REQUIREMENT
Print the entries exactly as they appear, and omit any images.

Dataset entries

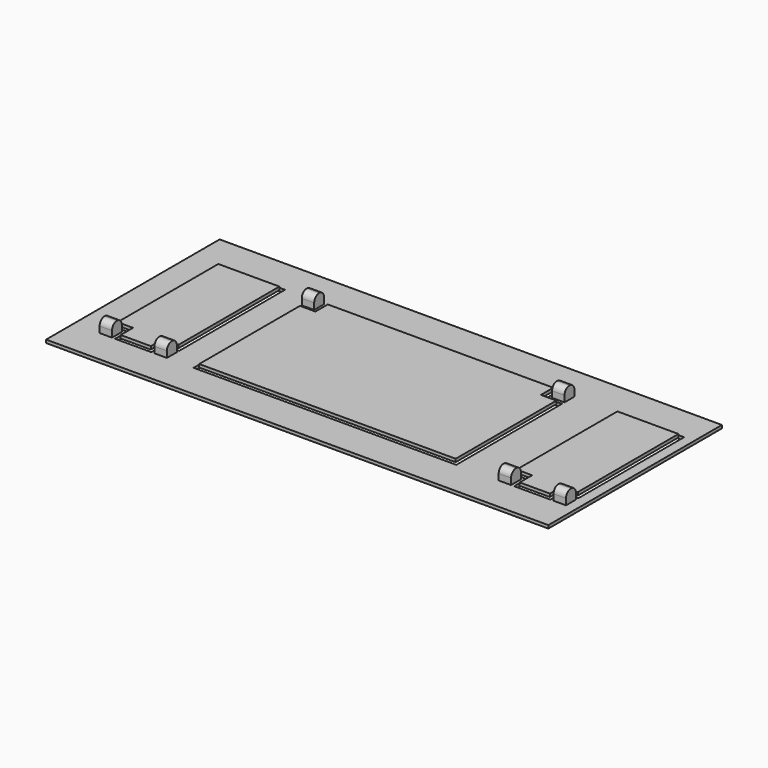
from build123d import *

# Parameters (mm, degrees)
F0_W     = 162.2753325211
F0_H     = 70.084847109
F0_W_2   = 4
F0_H_2   = 4
F1_DEPTH = 1
F2_DEPTH = 4
F3_R     = 1.99999
F4_DEPTH = 1


# Not quite as in the source:
# - a fillet or chamfer is up to 0.001 mm smaller than in the source, because OpenCascade refuses the exact size


with BuildPart() as f1:
    # F0 (on Top) → F1 (new body)
    with BuildSketch(Plane.XY):
        with Locations((0, 1.7718460756)):
            Rectangle(F0_W, F0_H)
        with Locations((-70.8014665545, -20.0708878118)):
            Rectangle(F0_W_2, F0_H_2, mode=Mode.SUBTRACT)
        with Locations((-53.0607582087, -20.0708878118)):
            Rectangle(F0_W_2, F0_H_2, mode=Mode.SUBTRACT)
        Polygon((-72.8014665545, -17.0708878118), (-72.8014665545, 25.6145799629), (-51.0607582087, 25.6145799629), (-51.0607582087, -17.0708878118), (-56.0607582087, -17.0708878118), (-56.0607582087, -22.0708878118), (-67.8014665545, -22.0708878118), (-67.8014665545, -17.0708878118), align=None, mode=Mode.SUBTRACT)
        with Locations((58.1299888442, -20.0708878118)):
            Rectangle(F0_W_2, F0_H_2, mode=Mode.SUBTRACT)
        with Locations((75.87069719, -20.0708878118)):
            Rectangle(F0_W_2, F0_H_2, mode=Mode.SUBTRACT)
        with Locations((-40.4279221569, 23.6145799629)):
            Rectangle(F0_W_2, F0_H_2, mode=Mode.SUBTRACT)
        Polygon((-37.4279221569, 20.6145799629), (-37.4279221569, 25.6145799629), (37.4279221569, 25.6145799629), (37.4279221569, 20.6145799629), (42.4279221569, 20.6145799629), (42.4279221569, -22.0708878118), (-42.4279221569, -22.0708878118), (-42.4279221569, 20.6145799629), align=None, mode=Mode.SUBTRACT)
        with Locations((40.4279221569, 23.6145799629)):
            Rectangle(F0_W_2, F0_H_2, mode=Mode.SUBTRACT)
        Polygon((72.87069719, -17.0708878118), (72.87069719, -22.0708878118), (61.1299888442, -22.0708878118), (61.1299888442, -17.0708878118), (56.1299888442, -17.0708878118), (56.1299888442, 25.6145799629), (77.87069719, 25.6145799629), (77.87069719, -17.0708878118), align=None, mode=Mode.SUBTRACT)
        with Locations((-53.0607582087, -20.0708878118)):
            Rectangle(F0_W_2, F0_H_2)
        with Locations((-70.8014665545, -20.0708878118)):
            Rectangle(F0_W_2, F0_H_2)
        with Locations((40.4279221569, 23.6145799629)):
            Rectangle(F0_W_2, F0_H_2)
        with Locations((-40.4279221569, 23.6145799629)):
            Rectangle(F0_W_2, F0_H_2)
        with Locations((75.87069719, -20.0708878118)):
            Rectangle(F0_W_2, F0_H_2)
        with Locations((58.1299888442, -20.0708878118)):
            Rectangle(F0_W_2, F0_H_2)
    extrude(amount=-F1_DEPTH)

    # F0 (on Top) → F2 (join)
    with BuildSketch(Plane.XY):
        with Locations((-70.8014665545, -20.0708878118)):
            Rectangle(F0_W_2, F0_H_2)
        with Locations((-53.0607582087, -20.0708878118)):
            Rectangle(F0_W_2, F0_H_2)
        with Locations((-40.4279221569, 23.6145799629)):
            Rectangle(F0_W_2, F0_H_2)
        with Locations((40.4279221569, 23.6145799629)):
            Rectangle(F0_W_2, F0_H_2)
        with Locations((75.87069719, -20.0708878118)):
            Rectangle(F0_W_2, F0_H_2)
        with Locations((58.1299888442, -20.0708878118)):
            Rectangle(F0_W_2, F0_H_2)
    extrude(amount=F2_DEPTH)

    # F3 (radius 2 in the source; OpenCascade refuses exactly that, so slightly less here)
    f3_edges = [f1.edges().sort_by_distance(p)[0] for p in [
        (-70.801467, -18.070888, 4),
        (-70.801467, -22.070888, 4),
        (-53.060758, -18.070888, 4),
        (-53.060758, -22.070888, 4),
        (-40.427922, 25.61458, 4),
        (-40.427922, 21.61458, 4),
        (40.427922, 25.61458, 4),
        (40.427922, 21.61458, 4),
        (58.129989, -18.070888, 4),
        (58.129989, -22.070888, 4),
        (75.870697, -22.070888, 4),
        (75.870697, -18.070888, 4),
    ]]
    fillet(f3_edges, radius=F3_R)


with BuildPart() as f4:
    # F0 (on Top) → F4 (new body)
    with BuildSketch(Plane.XY):
        Polygon((-52.0607582087, -16.0708878118), (-52.0607582087, 24.6145799629), (-71.8014665545, 24.6145799629), (-71.8014665545, -16.0708878118), (-66.8014665545, -16.0708878118), (-66.8014665545, -21.0708878118), (-57.0607582087, -21.0708878118), (-57.0607582087, -16.0708878118), align=None)
    extrude(amount=F4_DEPTH)


with BuildPart() as f4b:
    # F0 (on Top) → F4, piece 2 (new body)
    with BuildSketch(Plane.XY):
        Polygon((-36.4279221569, 19.6145799629), (-41.4279221569, 19.6145799629), (-41.4279221569, -21.0708878118), (41.4279221569, -21.0708878118), (41.4279221569, 19.6145799629), (36.4279221569, 19.6145799629), (36.4279221569, 24.6145799629), (-36.4279221569, 24.6145799629), align=None)
    extrude(amount=F4_DEPTH)


with BuildPart() as f4c:
    # F0 (on Top) → F4, piece 3 (new body)
    with BuildSketch(Plane.XY):
        Polygon((76.87069719, -16.0708878118), (76.87069719, 24.6145799629), (57.1299888442, 24.6145799629), (57.1299888442, -16.0708878118), (62.1299888442, -16.0708878118), (62.1299888442, -21.0708878118), (71.87069719, -21.0708878118), (71.87069719, -16.0708878118), align=None)
    extrude(amount=F4_DEPTH)


solid = Compound([f1.part, f4.part, f4b.part, f4c.part])

ANSWER BOX
from build123d import *

# Parameters (mm, degrees)
F0_W     = 162.2753325211
F0_H     = 70.084847109
F0_W_2   = 4
F0_H_2   = 4
F1_DEPTH = 1
F2_DEPTH = 4
F3_R     = 1.99999
F4_DEPTH = 1


# Not quite as in the source:
# - a fillet or chamfer is up to 0.001 mm smaller than in the source, because OpenCascade refuses the exact size


with BuildPart() as f1:
    # F0 (on Top) → F1 (new body)
    with BuildSketch(Plane.XY):
        with Locations((0, 1.7718460756)):
            Rectangle(F0_W, F0_H)
        with Locations((-70.8014665545, -20.0708878118)):
            Rectangle(F0_W_2, F0_H_2, mode=Mode.SUBTRACT)
        with Locations((-53.0607582087, -20.0708878118)):
            Rectangle(F0_W_2, F0_H_2, mode=Mode.SUBTRACT)
        Polygon((-72.8014665545, -17.0708878118), (-72.8014665545, 25.6145799629), (-51.0607582087, 25.6145799629), (-51.0607582087, -17.0708878118), (-56.0607582087, -17.0708878118), (-56.0607582087, -22.0708878118), (-67.8014665545, -22.0708878118), (-67.8014665545, -17.0708878118), align=None, mode=Mode.SUBTRACT)
        with Locations((58.1299888442, -20.0708878118)):
            Rectangle(F0_W_2, F0_H_2, mode=Mode.SUBTRACT)
        with Locations((75.87069719, -20.0708878118)):
            Rectangle(F0_W_2, F0_H_2, mode=Mode.SUBTRACT)
        with Locations((-40.4279221569, 23.6145799629)):
            Rectangle(F0_W_2, F0_H_2, mode=Mode.SUBTRACT)
        Polygon((-37.4279221569, 20.6145799629), (-37.4279221569, 25.6145799629), (37.4279221569, 25.6145799629), (37.4279221569, 20.6145799629), (42.4279221569, 20.6145799629), (42.4279221569, -22.0708878118), (-42.4279221569, -22.0708878118), (-42.4279221569, 20.6145799629), align=None, mode=Mode.SUBTRACT)
        with Locations((40.4279221569, 23.6145799629)):
            Rectangle(F0_W_2, F0_H_2, mode=Mode.SUBTRACT)
        Polygon((72.87069719, -17.0708878118), (72.87069719, -22.0708878118), (61.1299888442, -22.0708878118), (61.1299888442, -17.0708878118), (56.1299888442, -17.0708878118), (56.1299888442, 25.6145799629), (77.87069719, 25.6145799629), (77.87069719, -17.0708878118), align=None, mode=Mode.SUBTRACT)
        with Locations((-53.0607582087, -20.0708878118)):
            Rectangle(F0_W_2, F0_H_2)
        with Locations((-70.8014665545, -20.0708878118)):
            Rectangle(F0_W_2, F0_H_2)
        with Locations((40.4279221569, 23.6145799629)):
            Rectangle(F0_W_2, F0_H_2)
        with Locations((-40.4279221569, 23.6145799629)):
            Rectangle(F0_W_2, F0_H_2)
        with Locations((75.87069719, -20.0708878118)):
            Rectangle(F0_W_2, F0_H_2)
        with Locations((58.1299888442, -20.0708878118)):
            Rectangle(F0_W_2, F0_H_2)
    extrude(amount=-F1_DEPTH)

    # F0 (on Top) → F2 (join)
    with BuildSketch(Plane.XY):
        with Locations((-70.8014665545, -20.0708878118)):
            Rectangle(F0_W_2, F0_H_2)
        with Locations((-53.0607582087, -20.0708878118)):
            Rectangle(F0_W_2, F0_H_2)
        with Locations((-40.4279221569, 23.6145799629)):
            Rectangle(F0_W_2, F0_H_2)
        with Locations((40.4279221569, 23.6145799629)):
            Rectangle(F0_W_2, F0_H_2)
        with Locations((75.87069719, -20.0708878118)):
            Rectangle(F0_W_2, F0_H_2)
        with Locations((58.1299888442, -20.0708878118)):
            Rectangle(F0_W_2, F0_H_2)
    extrude(amount=F2_DEPTH)

    # F3 (radius 2 in the source; OpenCascade refuses exactly that, so slightly less here)
    f3_edges = [f1.edges().sort_by_distance(p)[0] for p in [
        (-70.801467, -18.070888, 4),
        (-70.801467, -22.070888, 4),
        (-53.060758, -18.070888, 4),
        (-53.060758, -22.070888, 4),
        (-40.427922, 25.61458, 4),
        (-40.427922, 21.61458, 4),
        (40.427922, 25.61458, 4),
        (40.427922, 21.61458, 4),
        (58.129989, -18.070888, 4),
        (58.129989, -22.070888, 4),
        (75.870697, -22.070888, 4),
        (75.870697, -18.070888, 4),
    ]]
    fillet(f3_edges, radius=F3_R)


with BuildPart() as f4:
    # F0 (on Top) → F4 (new body)
    with BuildSketch(Plane.XY):
        Polygon((-52.0607582087, -16.0708878118), (-52.0607582087, 24.6145799629), (-71.8014665545, 24.6145799629), (-71.8014665545, -16.0708878118), (-66.8014665545, -16.0708878118), (-66.8014665545, -21.0708878118), (-57.0607582087, -21.0708878118), (-57.0607582087, -16.0708878118), align=None)
    extrude(amount=F4_DEPTH)


with BuildPart() as f4b:
    # F0 (on Top) → F4, piece 2 (new body)
    with BuildSketch(Plane.XY):
        Polygon((-36.4279221569, 19.6145799629), (-41.4279221569, 19.6145799629), (-41.4279221569, -21.0708878118), (41.4279221569, -21.0708878118), (41.4279221569, 19.6145799629), (36.4279221569, 19.6145799629), (36.4279221569, 24.6145799629), (-36.4279221569, 24.6145799629), align=None)
    extrude(amount=F4_DEPTH)


with BuildPart() as f4c:
    # F0 (on Top) → F4, piece 3 (new body)
    with BuildSketch(Plane.XY):
        Polygon((76.87069719, -16.0708878118), (76.87069719, 24.6145799629), (57.1299888442, 24.6145799629), (57.1299888442, -16.0708878118), (62.1299888442, -16.0708878118), (62.1299888442, -21.0708878118), (71.87069719, -21.0708878118), (71.87069719, -16.0708878118), align=None)
    extrude(amount=F4_DEPTH)


solid = Compound([f1.part, f4.part, f4b.part, f4c.part])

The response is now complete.